_Listed entries:_
□ □ □ □ □
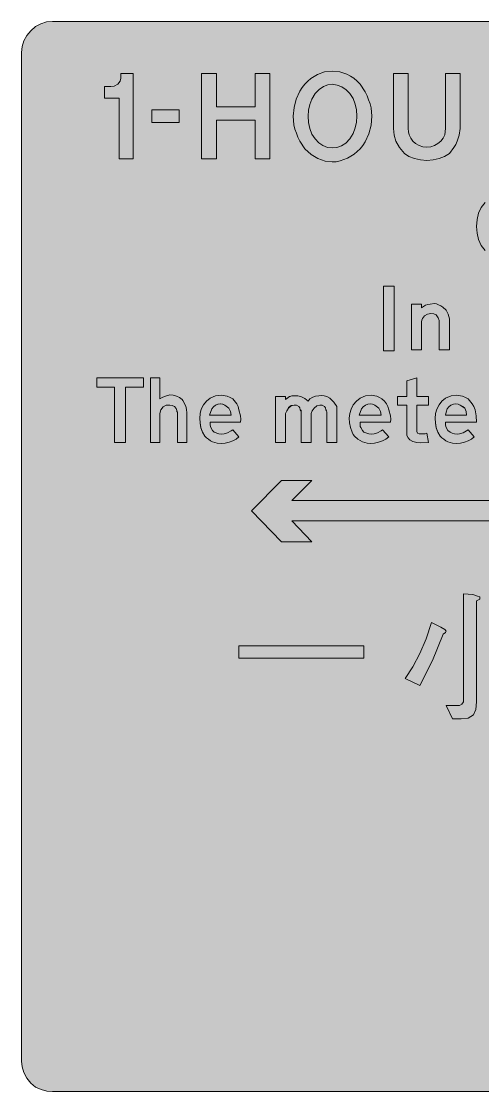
# Model space of a CAD drawing. Header units: metres. Extents: x 10 to 559, y 12 to 260.
# Drawn here: x 10.3 to 117.1, y 11.9 to 259.9 of the extents above; entities that cross this region are included whole.
import ezdxf

# ---------------------------------------------------------------- set-up
doc = ezdxf.new("R2010")
doc.units = ezdxf.units.M
for name, color, linetype, true_color in [('FILL_FIREBRICK_C36B00', 7, 'Continuous', 0xc36b00), ('FILL_WHITE_FFFFFF', 7, 'Continuous', 0xffffff), ('STROKE_WHITE_FFFFFF', 7, 'Continuous', 0xffffff)]:
    doc.layers.add(name, color=color, linetype=linetype, true_color=true_color)

msp = doc.modelspace()

# ---------------------------------------------------------------- hatches: boundary and pattern name
at = {"layer": 'FILL_FIREBRICK_C36B00', "true_color": 0xc36b00}
h = msp.add_hatch(color=7, dxfattribs=at)
h.dxf.hatch_style = 1
h.paths.add_polyline_path([(553.87, 259.79), (555.21, 259.38), (556.42, 258.71), (557.46, 257.76), (558.3, 256.72), (558.92, 255.51), (559.31, 254.17), (559.44, 252.72), (559.44, 18.9), (559.4, 17.71), (559.08, 16.38), (558.41, 15.05), (557.46, 13.86), (556.32, 12.94), (555.08, 12.33), (553.76, 11.99), (552.42, 11.88), (17.46, 11.88), (16.12, 11.99), (14.81, 12.33), (13.56, 12.94), (12.42, 13.86), (11.48, 15.03), (10.8, 16.31), (10.4, 17.63), (10.26, 18.9), (10.26, 252.72), (10.4, 254.07), (10.8, 255.42), (11.48, 256.66), (12.42, 257.76), (13.52, 258.71), (14.76, 259.38), (16.11, 259.79), (17.46, 259.92), (552.42, 259.92), (553.87, 259.79)])
at = {"layer": 'FILL_WHITE_FFFFFF', "true_color": 0xffffff}
h = msp.add_hatch(color=7, dxfattribs=at)
h.dxf.hatch_style = 1
h.paths.add_polyline_path([(85.7, 247.68), (86.52, 247.26), (87.3, 246.73), (88.04, 246.09), (88.74, 245.34), (89.93, 243.61), (90.39, 242.68), (90.72, 241.74), (91.06, 240.8), (91.28, 239.85), (91.44, 237.96), (91.27, 235.84), (90.76, 233.84), (89.92, 232.01), (89.37, 231.18), (88.74, 230.4), (87.4, 229.16), (85.84, 228.2), (84.11, 227.57), (83.2, 227.4), (82.26, 227.34), (80.62, 227.54), (78.97, 228.13), (77.4, 229.09), (75.96, 230.4), (74.77, 232.13), (74.31, 233.06), (73.98, 234), (73.64, 234.97), (73.42, 235.98), (73.26, 237.96), (73.43, 239.97), (73.94, 241.92), (74.78, 243.73), (75.33, 244.57), (75.96, 245.34), (76.6, 246.04), (77.3, 246.65), (78.84, 247.61), (80.52, 248.2), (82.26, 248.4), (84.01, 248.23), (85.7, 247.68)])
h.paths.add_polyline_path([(80.28, 244.8), (79.27, 244.13), (78.3, 243.18), (77.59, 241.93), (77.08, 240.64), (76.78, 239.31), (76.68, 237.96), (76.78, 236.49), (77.08, 235.08), (77.59, 233.81), (78.3, 232.74), (79.17, 231.8), (80.14, 231.12), (81.19, 230.72), (82.26, 230.58), (83.34, 230.69), (84.4, 231.05), (85.42, 231.72), (86.4, 232.74), (87.11, 233.91), (87.62, 235.22), (87.92, 236.59), (88.02, 237.96), (87.92, 239.41), (87.62, 240.77), (87.11, 242.04), (86.4, 243.18), (85.53, 244.05), (84.53, 244.73), (83.44, 245.18), (82.26, 245.34), (81.29, 245.21), (80.28, 244.8)], flags=16)
h = msp.add_hatch(color=7, dxfattribs=at)
h.dxf.hatch_style = 1
h.paths.add_polyline_path([(32.94, 228.06), (32.94, 242.1), (29.52, 242.1), (29.52, 244.8), (30.96, 244.8), (31.77, 244.93), (32.58, 245.34), (33.14, 246.06), (33.3, 246.78), (33.3, 247.86), (36.18, 247.86), (36.18, 228.06), (32.94, 228.06)])
h = msp.add_hatch(color=7, dxfattribs=at)
h.dxf.hatch_style = 1
h.paths.add_polyline_path([(64.44, 237.06), (55.44, 237.06), (55.44, 228.06), (52.02, 228.06), (52.02, 247.86), (55.44, 247.86), (55.44, 240.12), (64.44, 240.12), (64.44, 247.86), (67.86, 247.86), (67.86, 228.06), (64.44, 228.06), (64.44, 237.06)])
h = msp.add_hatch(color=7, dxfattribs=at)
h.dxf.hatch_style = 1
h.paths.add_polyline_path([(99.9, 235.08), (99.92, 234.36), (100.08, 233.64), (100.46, 232.85), (100.98, 232.2), (101.61, 231.6), (102.4, 231.14), (103.28, 230.86), (104.22, 230.76), (105.13, 230.86), (105.98, 231.14), (106.75, 231.6), (107.46, 232.2), (107.98, 232.85), (108.36, 233.64), (108.54, 235.08), (108.54, 247.86), (111.96, 247.86), (111.96, 235.08), (111.67, 233.57), (111.24, 232.2), (110.91, 231.42), (110.48, 230.69), (109.44, 229.32), (108.3, 228.61), (107.03, 228.11), (105.67, 227.8), (104.22, 227.7), (102.75, 227.8), (101.34, 228.11), (100.07, 228.61), (99, 229.32), (97.88, 230.69), (97.02, 232.2), (96.62, 233.57), (96.48, 235.08), (96.48, 247.86), (99.9, 247.86), (99.9, 235.08)])
h = msp.add_hatch(color=7, dxfattribs=at)
h.dxf.hatch_style = 1
h.paths.add_polyline_path([(46.8, 239.4), (46.8, 236.52), (40.5, 236.52), (40.5, 239.4), (46.8, 239.4)])
h = msp.add_hatch(color=7, dxfattribs=at)
h.dxf.hatch_style = 1
h.paths.add_polyline_path([(125.03, 219.69), (126.22, 218.95), (127.26, 217.98), (128.1, 216.8), (128.72, 215.46), (129.11, 213.98), (129.24, 212.4), (129.11, 210.82), (128.72, 209.34), (128.1, 208), (127.26, 206.82), (126.22, 205.85), (125.03, 205.11), (123.74, 204.64), (122.4, 204.48), (121.09, 204.64), (119.86, 205.11), (118.73, 205.85), (117.72, 206.82), (116.8, 208), (116.19, 209.34), (115.85, 210.82), (115.74, 212.4), (115.85, 213.98), (116.19, 215.46), (116.8, 216.8), (117.72, 217.98), (118.73, 218.95), (119.86, 219.69), (121.09, 220.16), (122.4, 220.32), (123.74, 220.16), (125.03, 219.69)])
h.paths.add_polyline_path([(120.89, 217.58), (120.15, 217.07), (119.52, 216.36), (118.94, 215.39), (118.55, 214.38), (118.33, 213.37), (118.26, 212.4), (118.33, 211.4), (118.55, 210.35), (118.94, 209.34), (119.52, 208.44), (120.15, 207.73), (120.89, 207.23), (121.67, 206.92), (122.4, 206.82), (123.21, 206.92), (124, 207.23), (124.75, 207.73), (125.46, 208.44), (126.04, 209.34), (126.43, 210.35), (126.65, 211.4), (126.72, 212.4), (126.65, 213.37), (126.43, 214.38), (126.04, 215.39), (125.46, 216.36), (124.75, 217.07), (124, 217.58), (123.21, 217.88), (122.4, 217.98), (121.67, 217.88), (120.89, 217.58)], flags=16)
h = msp.add_hatch(color=7, dxfattribs=at)
h.dxf.hatch_style = 1
h.paths.add_polyline_path([(96.66, 198.54), (96.66, 183.6), (94.14, 183.6), (94.14, 198.54), (96.66, 198.54)])
h = msp.add_hatch(color=7, dxfattribs=at)
h.dxf.hatch_style = 1
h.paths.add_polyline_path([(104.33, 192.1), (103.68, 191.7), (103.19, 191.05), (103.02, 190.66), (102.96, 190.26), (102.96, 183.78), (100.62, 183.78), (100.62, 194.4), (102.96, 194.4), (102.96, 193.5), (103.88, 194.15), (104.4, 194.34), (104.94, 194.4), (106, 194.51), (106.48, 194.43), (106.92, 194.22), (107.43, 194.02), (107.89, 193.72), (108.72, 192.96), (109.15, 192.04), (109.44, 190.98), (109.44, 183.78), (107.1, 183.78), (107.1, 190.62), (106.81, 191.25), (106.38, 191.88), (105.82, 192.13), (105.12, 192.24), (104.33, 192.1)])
□ □ □ □ □
_What the exercise asks:_ What lines of the listing contain the word "ezdxf"? Copy them all.

_Result below:_
import ezdxf
doc = ezdxf.new("R2010")
doc.units = ezdxf.units.M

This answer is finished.